Problem to solve.
Take the line that has "#19638 = VECTOR ( 'NONE', #4418, 39.37008 ) ;" in it and every line after it to the end of the entries, and reproduce them exactly.

Task inputs.
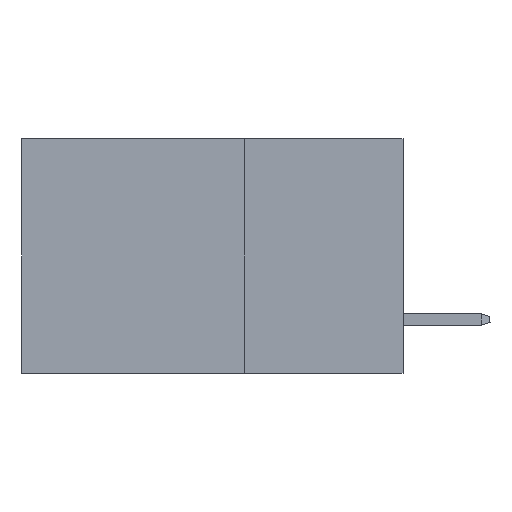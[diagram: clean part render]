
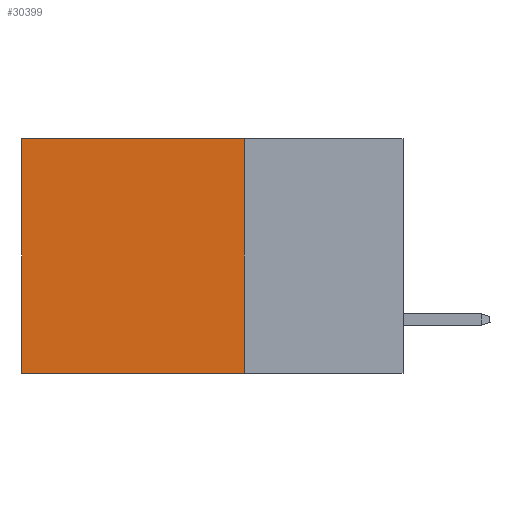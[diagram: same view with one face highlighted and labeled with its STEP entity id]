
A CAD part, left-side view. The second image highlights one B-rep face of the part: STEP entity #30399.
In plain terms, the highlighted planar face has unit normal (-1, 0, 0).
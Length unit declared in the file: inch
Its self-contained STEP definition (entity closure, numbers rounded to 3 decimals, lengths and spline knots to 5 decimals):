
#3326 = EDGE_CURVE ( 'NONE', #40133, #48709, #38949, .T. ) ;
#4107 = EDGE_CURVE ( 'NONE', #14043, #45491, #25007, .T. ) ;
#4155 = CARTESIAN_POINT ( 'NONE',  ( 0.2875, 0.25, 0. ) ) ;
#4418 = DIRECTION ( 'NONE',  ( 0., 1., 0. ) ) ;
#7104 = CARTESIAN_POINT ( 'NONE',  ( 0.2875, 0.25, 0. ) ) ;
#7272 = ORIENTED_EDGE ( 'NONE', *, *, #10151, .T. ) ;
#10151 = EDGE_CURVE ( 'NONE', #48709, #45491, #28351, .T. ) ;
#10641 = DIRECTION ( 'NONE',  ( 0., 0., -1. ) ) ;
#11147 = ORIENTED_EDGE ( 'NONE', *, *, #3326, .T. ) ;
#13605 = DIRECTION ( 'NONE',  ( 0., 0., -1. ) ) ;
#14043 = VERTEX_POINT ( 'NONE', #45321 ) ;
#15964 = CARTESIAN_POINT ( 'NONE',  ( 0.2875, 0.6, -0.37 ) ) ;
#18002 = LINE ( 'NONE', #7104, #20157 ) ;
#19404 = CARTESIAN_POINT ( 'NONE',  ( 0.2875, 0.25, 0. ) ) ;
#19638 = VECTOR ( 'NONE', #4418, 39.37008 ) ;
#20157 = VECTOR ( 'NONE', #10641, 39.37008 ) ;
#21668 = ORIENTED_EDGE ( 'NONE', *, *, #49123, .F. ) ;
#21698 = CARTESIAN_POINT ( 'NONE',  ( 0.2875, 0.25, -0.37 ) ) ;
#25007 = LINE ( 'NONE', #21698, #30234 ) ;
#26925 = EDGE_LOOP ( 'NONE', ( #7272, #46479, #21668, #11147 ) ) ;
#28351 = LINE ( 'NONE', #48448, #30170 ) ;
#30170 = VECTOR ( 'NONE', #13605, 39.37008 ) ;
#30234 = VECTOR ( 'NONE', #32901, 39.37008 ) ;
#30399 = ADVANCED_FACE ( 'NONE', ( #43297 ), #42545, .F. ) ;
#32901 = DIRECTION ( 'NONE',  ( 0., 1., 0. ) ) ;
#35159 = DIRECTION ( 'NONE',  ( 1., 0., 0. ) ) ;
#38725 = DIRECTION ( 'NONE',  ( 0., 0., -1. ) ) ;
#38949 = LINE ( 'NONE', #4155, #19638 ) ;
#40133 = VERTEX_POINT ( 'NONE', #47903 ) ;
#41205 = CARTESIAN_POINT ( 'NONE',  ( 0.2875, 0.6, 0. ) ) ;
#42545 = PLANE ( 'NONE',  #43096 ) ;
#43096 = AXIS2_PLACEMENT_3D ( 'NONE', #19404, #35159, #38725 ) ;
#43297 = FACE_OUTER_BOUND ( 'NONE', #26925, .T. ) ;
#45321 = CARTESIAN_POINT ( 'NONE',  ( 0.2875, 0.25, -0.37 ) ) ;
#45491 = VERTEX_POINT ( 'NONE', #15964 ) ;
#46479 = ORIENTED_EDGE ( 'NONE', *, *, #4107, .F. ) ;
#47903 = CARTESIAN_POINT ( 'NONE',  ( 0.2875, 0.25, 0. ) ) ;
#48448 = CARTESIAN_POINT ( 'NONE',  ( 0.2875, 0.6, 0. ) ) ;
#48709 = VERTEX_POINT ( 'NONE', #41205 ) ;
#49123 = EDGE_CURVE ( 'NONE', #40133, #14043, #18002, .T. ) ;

Result.
#19638 = VECTOR ( 'NONE', #4418, 39.37008 ) ;
#20157 = VECTOR ( 'NONE', #10641, 39.37008 ) ;
#21668 = ORIENTED_EDGE ( 'NONE', *, *, #49123, .F. ) ;
#21698 = CARTESIAN_POINT ( 'NONE',  ( 0.2875, 0.25, -0.37 ) ) ;
#25007 = LINE ( 'NONE', #21698, #30234 ) ;
#26925 = EDGE_LOOP ( 'NONE', ( #7272, #46479, #21668, #11147 ) ) ;
#28351 = LINE ( 'NONE', #48448, #30170 ) ;
#30170 = VECTOR ( 'NONE', #13605, 39.37008 ) ;
#30234 = VECTOR ( 'NONE', #32901, 39.37008 ) ;
#30399 = ADVANCED_FACE ( 'NONE', ( #43297 ), #42545, .F. ) ;
#32901 = DIRECTION ( 'NONE',  ( 0., 1., 0. ) ) ;
#35159 = DIRECTION ( 'NONE',  ( 1., 0., 0. ) ) ;
#38725 = DIRECTION ( 'NONE',  ( 0., 0., -1. ) ) ;
#38949 = LINE ( 'NONE', #4155, #19638 ) ;
#40133 = VERTEX_POINT ( 'NONE', #47903 ) ;
#41205 = CARTESIAN_POINT ( 'NONE',  ( 0.2875, 0.6, 0. ) ) ;
#42545 = PLANE ( 'NONE',  #43096 ) ;
#43096 = AXIS2_PLACEMENT_3D ( 'NONE', #19404, #35159, #38725 ) ;
#43297 = FACE_OUTER_BOUND ( 'NONE', #26925, .T. ) ;
#45321 = CARTESIAN_POINT ( 'NONE',  ( 0.2875, 0.25, -0.37 ) ) ;
#45491 = VERTEX_POINT ( 'NONE', #15964 ) ;
#46479 = ORIENTED_EDGE ( 'NONE', *, *, #4107, .F. ) ;
#47903 = CARTESIAN_POINT ( 'NONE',  ( 0.2875, 0.25, 0. ) ) ;
#48448 = CARTESIAN_POINT ( 'NONE',  ( 0.2875, 0.6, 0. ) ) ;
#48709 = VERTEX_POINT ( 'NONE', #41205 ) ;
#49123 = EDGE_CURVE ( 'NONE', #40133, #14043, #18002, .T. ) ;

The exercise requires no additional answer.